We need to, as always, remember that building is a zero-sum game. Everything that goes up has to come from somewhere.

And often, there are huge environmental and human costs in getting that materials from that somewhere.

Tuesday, December 30, 2014

It cost 1.7 cents to make a penny this year, and 8 cents to make a nickel


During every mention of new versus old pennies, the cost of coin production comes up. Invariably, I say something vague about the cos of production of a penny having risen over the years until the production cost out-stripped the value of a penny - meaning that the government was losing money on every penny it produced.

I've never actually done the research on those details, however. I just keep telling students that they can look it up. I don't think any of my students ever took me up on that offer, though, because none of them came back with evidence asking for extra credit - as I'm sure they would.

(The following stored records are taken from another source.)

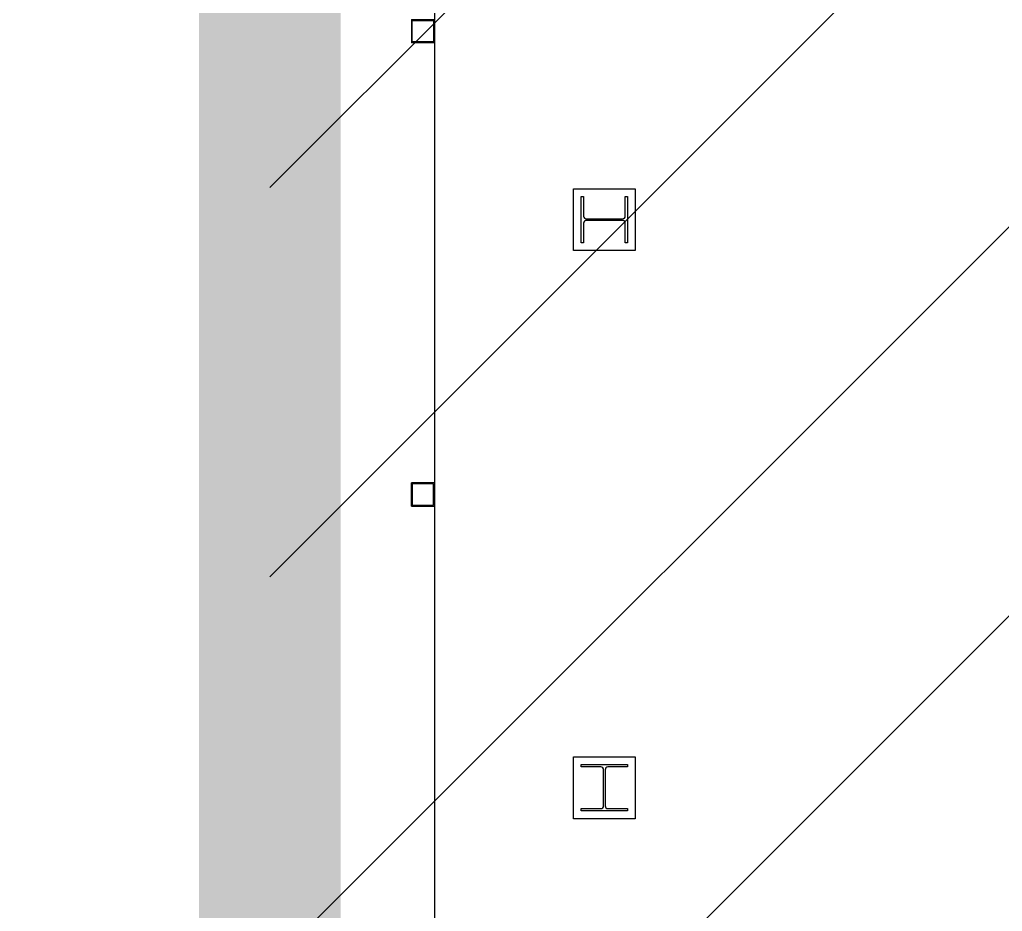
# Model space of a CAD drawing. Header units: millimetres. Extents: x 63700 to 182600, y -289551 to -205451.
# Drawn here: x 115412.2 to 115730.4, y -251795.5 to -251506.8 of the extents above; entities that cross this region are included whole.
import ezdxf

# ---------------------------------------------------------------- set-up
doc = ezdxf.new("R2010")
doc.units = ezdxf.units.MM
doc.header["$LTSCALE"] = 50
doc.layers.add('3', color=7, linetype='Continuous')
doc.layers.add('C_TEXT_01', color=2, linetype='Continuous')

# ---------------------------------------------------------------- blocks, each defined once
blk = doc.blocks.new('KEY PLAN_NEW')
h = blk.add_hatch()
h.set_pattern_fill('ANSI31', color=253, scale=2)
h.set_pattern_definition([(45, (-1396.921, -1800.0236), (-4.490128, 4.490128), [])])
edge = h.paths.add_edge_path()
edge.add_line((-2006.86, -1075.94), (-2006.86, -1091.94))
edge.add_line((-2006.86, -1091.94), (-2067.86, -1091.94))
edge.add_line((-2067.86, -1091.94), (-2067.86, -1375.94))
edge.add_line((-2067.86, -1375.94), (-2006.86, -1375.94))
edge.add_line((-2006.86, -1375.94), (-2006.86, -1391.94))
edge.add_line((-2006.86, -1391.94), (-2007.86, -1391.94))
edge.add_line((-2007.86, -1391.94), (-2007.86, -1488.94))
edge.add_line((-2007.86, -1488.94), (-2008.31, -1488.94))
edge.add_arc((-2028.72, -1493.5), 20.91, 12.5777, 76.5787)
edge.add_line((-2023.86, -1473.16), (-2023.86, -1391.94))
edge.add_line((-2023.86, -1391.94), (-2247.86, -1391.94))
edge.add_line((-2247.86, -1391.94), (-2247.86, -1488.94))
edge.add_line((-2247.86, -1488.94), (-2263.86, -1488.94))
edge.add_line((-2263.86, -1488.94), (-2263.86, -1452.18))
edge.add_line((-2263.86, -1452.18), (-2549.86, -1452.18))
edge.add_line((-2549.86, -1452.18), (-2549.86, -1488.94))
edge.add_line((-2549.86, -1488.94), (-2565.86, -1488.94))
edge.add_line((-2565.86, -1488.94), (-2565.86, -1427.94))
edge.add_line((-2565.86, -1427.94), (-2720.86, -1427.94))
edge.add_line((-2720.86, -1427.94), (-2720.86, -1411.94))
edge.add_line((-2720.86, -1411.94), (-2623.86, -1411.94))
edge.add_line((-2623.86, -1411.94), (-2623.86, -1075.94))
edge.add_line((-2623.86, -1075.94), (-2563.86, -1075.94))
edge.add_line((-2563.86, -1075.94), (-2563.86, -1071.94))
edge.add_line((-2563.86, -1071.94), (-2547.86, -1071.94))
edge.add_line((-2547.86, -1071.94), (-2547.86, -1091.94))
edge.add_line((-2547.86, -1091.94), (-2607.86, -1091.94))
edge.add_line((-2607.86, -1091.94), (-2607.86, -1411.94))
edge.add_line((-2607.86, -1411.94), (-2549.86, -1411.94))
edge.add_line((-2549.86, -1411.94), (-2549.86, -1436.18))
edge.add_line((-2549.86, -1436.18), (-2263.86, -1436.18))
edge.add_line((-2263.86, -1436.18), (-2263.86, -1375.94))
edge.add_line((-2263.86, -1375.94), (-2083.86, -1375.94))
edge.add_line((-2083.86, -1375.94), (-2083.86, -1075.94))
edge.add_line((-2083.86, -1075.94), (-2006.86, -1075.94))
at = {"color": 253}
for p, q in [((-2543.86, -1075.5, 46), (-2543.86, -1368.38, 46)), ((-2546.86, -1250.44, 46), (-2546.86, -1253.44, 46)), ((-2546.86, -1250.44, 46), (-2543.86, -1250.44, 46)), ((-2546.74, -1253.32, 46), (-2546.74, -1250.56, 46)), ((-2546.74, -1250.56, 46), (-2543.98, -1250.56, 46)), ((-2543.98, -1250.56, 46), (-2543.98, -1253.32, 46)), ((-2543.98, -1250.56, 46), (-2543.98, -1253.32, 46)), ((-2543.86, -1253.44, 46), (-2546.86, -1253.44, 46)), ((-2543.98, -1253.32, 46), (-2546.74, -1253.32, 46)), ((-2546.86, -1313.44, 46), (-2546.86, -1310.44, 46)), ((-2543.86, -1310.44, 46), (-2546.86, -1310.44, 46)), ((-2543.98, -1310.56, 46), (-2546.74, -1310.56, 46)), ((-2546.74, -1310.56, 46), (-2546.74, -1313.32, 46)), ((-2543.98, -1313.32, 46), (-2543.98, -1310.56, 46)), ((-2543.98, -1313.32, 46), (-2543.98, -1310.56, 46)), ((-2546.74, -1313.32, 46), (-2543.98, -1313.32, 46)), ((-2546.86, -1313.44, 46), (-2543.86, -1313.44, 46))]:
    blk.add_line(p, q, dxfattribs=at)
at = {"layer": 'C_TEXT_01', "color": 253, "elevation": 46}
for points in [[(-2525.86, -1272.34), (-2517.86, -1272.34), (-2517.86, -1280.34), (-2525.86, -1280.34)], [(-2525.86, -1353.94), (-2525.86, -1345.94), (-2517.86, -1345.94), (-2517.86, -1353.94)]]:
    blk.add_lwpolyline(points, close=True, dxfattribs=at)
for points in [[(-2524.86, -1276.34), (-2524.86, -1273.34), (-2524.56, -1273.34), (-2524.56, -1275.88, 0.414214), (-2524.2, -1276.24), (-2519.52, -1276.24, 0.414214), (-2519.16, -1275.88), (-2519.16, -1273.34), (-2518.86, -1273.34), (-2518.86, -1279.34), (-2519.16, -1279.34), (-2519.16, -1276.8, 0.414214), (-2519.52, -1276.44), (-2524.2, -1276.44, 0.414214), (-2524.56, -1276.8), (-2524.56, -1279.34), (-2524.86, -1279.34), (-2524.86, -1276.34)], [(-2521.86, -1352.94), (-2524.86, -1352.94), (-2524.86, -1352.64), (-2522.32, -1352.64, 0.414214), (-2521.96, -1352.28), (-2521.96, -1347.6, 0.414214), (-2522.32, -1347.24), (-2524.86, -1347.24), (-2524.86, -1346.94), (-2518.86, -1346.94), (-2518.86, -1347.24), (-2521.4, -1347.24, 0.414214), (-2521.76, -1347.6), (-2521.76, -1352.28, 0.414214), (-2521.4, -1352.64), (-2518.86, -1352.64), (-2518.86, -1352.94), (-2521.86, -1352.94)]]:
    blk.add_lwpolyline(points, format="xyb", dxfattribs=at)

msp = doc.modelspace()

# ---------------------------------------------------------------- hatches: boundary and pattern name
at = {"layer": '3'}
h = msp.add_hatch(dxfattribs=at)
h.set_pattern_fill('ANSI31', color=256, scale=712.8)
h.set_pattern_definition([(45, (-3976192.25, 410345.89), (-63.0032142, 63.0032142), [])])
h.paths.add_polyline_path([(116636.27, -251034.29), (115493.22, -251034.29), (115493.22, -251850.75), (116636.27, -251850.75)])

# ---------------------------------------------------------------- linework, layer by layer
at = {"layer": '3', "const_width": 45.83, "elevation": 126.5}
msp.add_lwpolyline([(116636.27, -251850.75), (115493.22, -251850.75), (115493.22, -251034.29), (116636.27, -251034.29)], close=True, dxfattribs=at)

# ---------------------------------------------------------------- block references
at = {"xscale": 2.5, "yscale": 2.5, "zscale": 2.5}
msp.add_blockref('KEY PLAN_NEW', (121906.2, -248380.66), dxfattribs=at)

doc.saveas('drawing.dxf')

Thankfully The Washington Post recently published an article on our government continuing to lose money every time it mints a penny - or a nickel, even.

I did not know that the production cost of a nickel was higher than the five cents for which the government can then 'sell' the nickel.

Just in case The Post chooses to put the article behind a paywall or into an archive at some point, I've grabbed it into Word then published it via Scribd.


Saturday, November 1, 2014

As Infrastructure crumbles, trillions of gallons of water lost


My material science students read (and listened to) this NPR story this week, the day after I heard it on the radio. In her written response to the article, one of the students wrote that she was surprised that two water mains that far apart (I'd also shown video of a water main breaking on UCLA's campus this summer) could coincidentally break at the same time. I explained to her that water mains broke every day all around the country. I typed water main break into Google News and came up with hundreds of hits within the last couple of days.

Water mains break all the time. It's a cost of using metal pipes, that they will eventually corrode and crack and turn into pretty spectacular sinkholes and floods.

My students asked why we didn't just use something that wouldn't corrode, like glass.

Apparently I have some work to do when we get to the ceramics chapter.